Despite these successes  Kennedy’s work has encountered many setbacks, not least of which is the difficulty in securing funding. Burke’s Father of the Cyborgs examines these setbacks as well as exploring the moral, ethical and philosophical issues around the work, asking what would happen if someone with this technology did not have the motivation to help but rather to control?

“One of the things I really like about this idea, was the self-experiment element of Phil Kennedy’s story (when he travelled to Belize to have his brain implanted to continue his research),” Burke told IFTN.

Although the documentary grapples with a challenging subject matter, Burke is optimistic that Kennedy’s story will be intriguing and accessible to all audiences; “not just to an audience with an interest in science, but also a much wider audience.”

“Early on in the film, we explain what Brain Computer Interfacing, and we do this in a way that doesn’t overwhelm the audience with too much technical jargon,” Burke continued. “Similarly, we provide the historical context for other technologies that were once developed for patients, such as the typewriter, which was developed for blind people - to make the idea more plausible that technologies such as BCI could become ubiquitous.”

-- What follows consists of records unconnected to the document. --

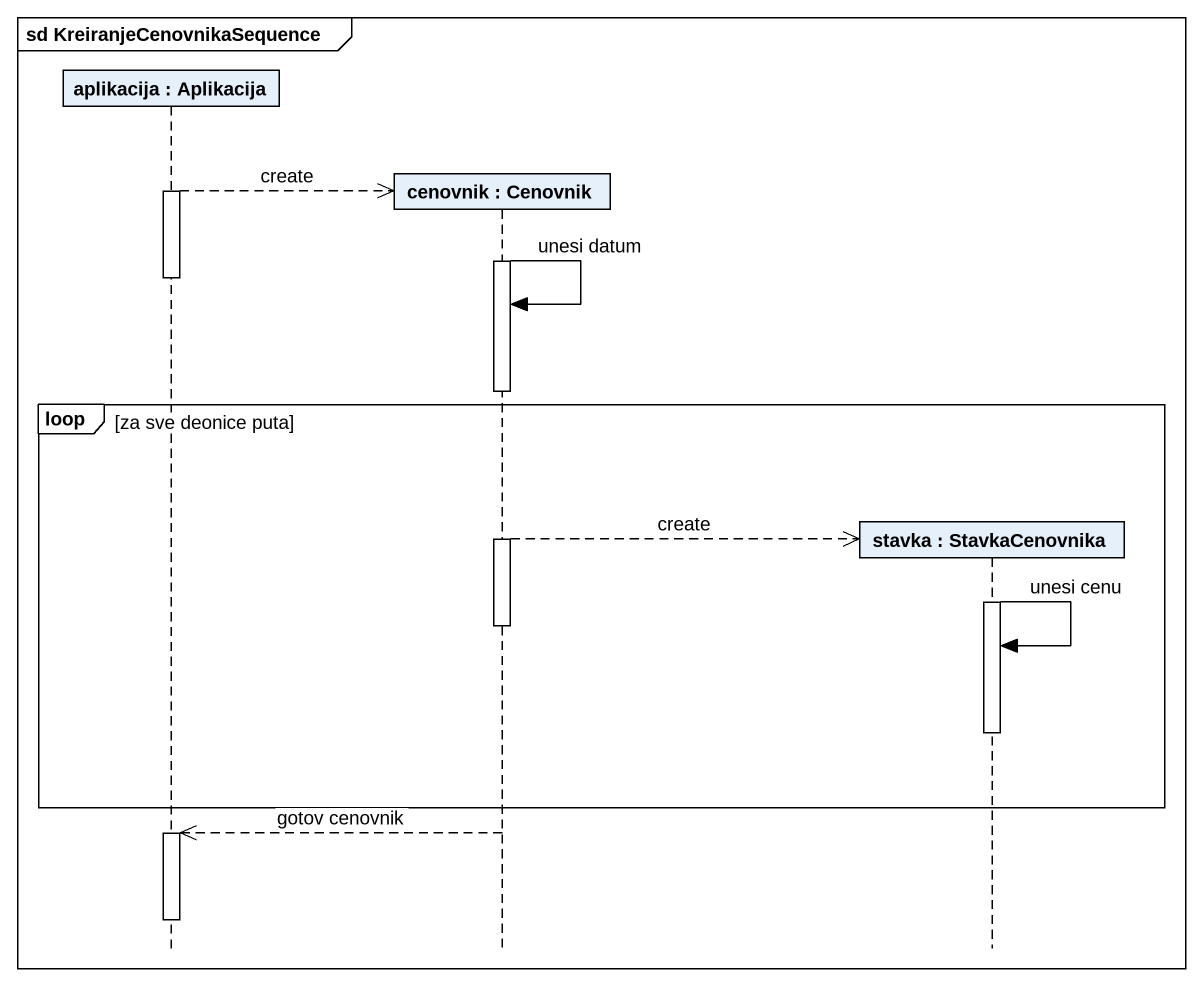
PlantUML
@startuml
mainframe sd KreiranjeCenovnikaSequence
hide footbox
participant "aplikacija : Aplikacija" as aplikacija
participant "cenovnik : Cenovnik" as cenovnik
participant "stavka : StavkaCenovnika" as stavka

activate aplikacija
aplikacija -->> cenovnik ** : create
activate cenovnik
deactivate aplikacija
cenovnik -> cenovnik : unesi datum
loop za sve deonice puta
  cenovnik -->> stavka ** : create
  activate stavka
  deactivate cenovnik
  stavka -> stavka : unesi cenu
  deactivate stavka
end
cenovnik -->> aplikacija : gotov cenovnik
activate aplikacija
deactivate aplikacija
@enduml
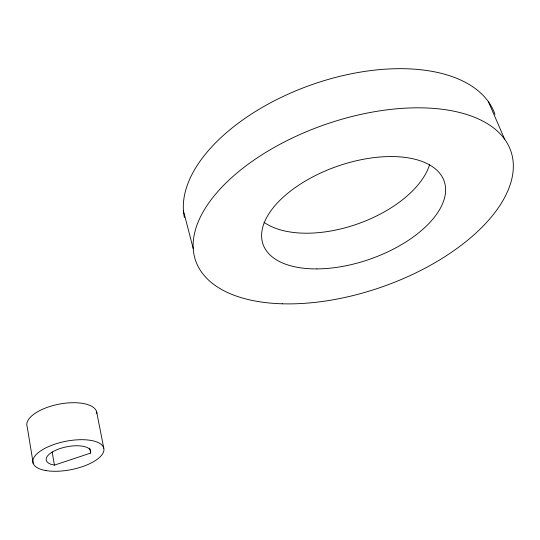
<?xml version="1.0" encoding="UTF-8"?>
<svg xmlns="http://www.w3.org/2000/svg" width="540" height="540" viewBox="0 0 540 540"><rect width="100%" height="100%" fill="white"/><g stroke="black" fill="none" stroke-linecap="round" stroke-linejoin="round"><path stroke-width="0.81" d="M90.619 453.087L90.733 451.001A22.714 9.065 -11.2 0 0 60.116 448.538A22.714 9.065 -11.2 0 0 50.895 464.272L54.446 465.129L90.619 453.087L89.681 448.146M488.471 101.837L504.563 139.01M183.445 210.816L193.266 248.744M96.653 411.939L103.775 448.166M52.157 451.94L54.446 465.129M33.23 463.502L27.203 426.823A35.559 15.113 -11 0 1 59.13 404.143A35.559 15.113 -11 0 1 96.842 413.498M429.644 164.511A94.163 50.888 -19.5 0 1 357.089 224.12A94.163 50.888 -19.5 0 1 263.966 222.257M184.39 217.485A163.802 88.904 -19.6 0 1 316.75 82.991A163.802 88.904 -19.6 0 1 494.978 114.433M316.892 268.906A95.904 49.228 -19.2 0 0 445.027 184.248A95.904 49.228 -19.2 0 0 298.883 185.078A95.904 49.228 -19.2 0 0 316.892 268.906M282.17 303.797A166.867 86.029 -19.2 0 0 513 160.475A166.867 86.029 -19.2 0 0 264.553 153.164A166.867 86.029 -19.2 0 0 282.17 303.797M45.9 470.57A36.14 14.431 -11.2 0 0 103.491 452.021A36.14 14.431 -11.2 0 0 55.782 443.86A36.14 14.431 -11.2 0 0 45.9 470.57"/></g></svg>

When asked about what he hoped audiences would take away from the film, Burke said: One of things I took away from this is that in many ways we have already started on this path to becoming cyborgs. We are already immersed in technology daily, we offload certain cognitive tasks daily to computers,” Burke explained.

“Research has shown that we are already affecting our creativity and intuition, we need to be careful going forward that we don’t off load too much of these tasks to computers, we need to find a sweet spot where technology works for us.”

Wildcard Distribution will be releasing the documentary in cinemas in Ireland and the UK later this year with the distributor aiming for a release date in late summer/early autumn.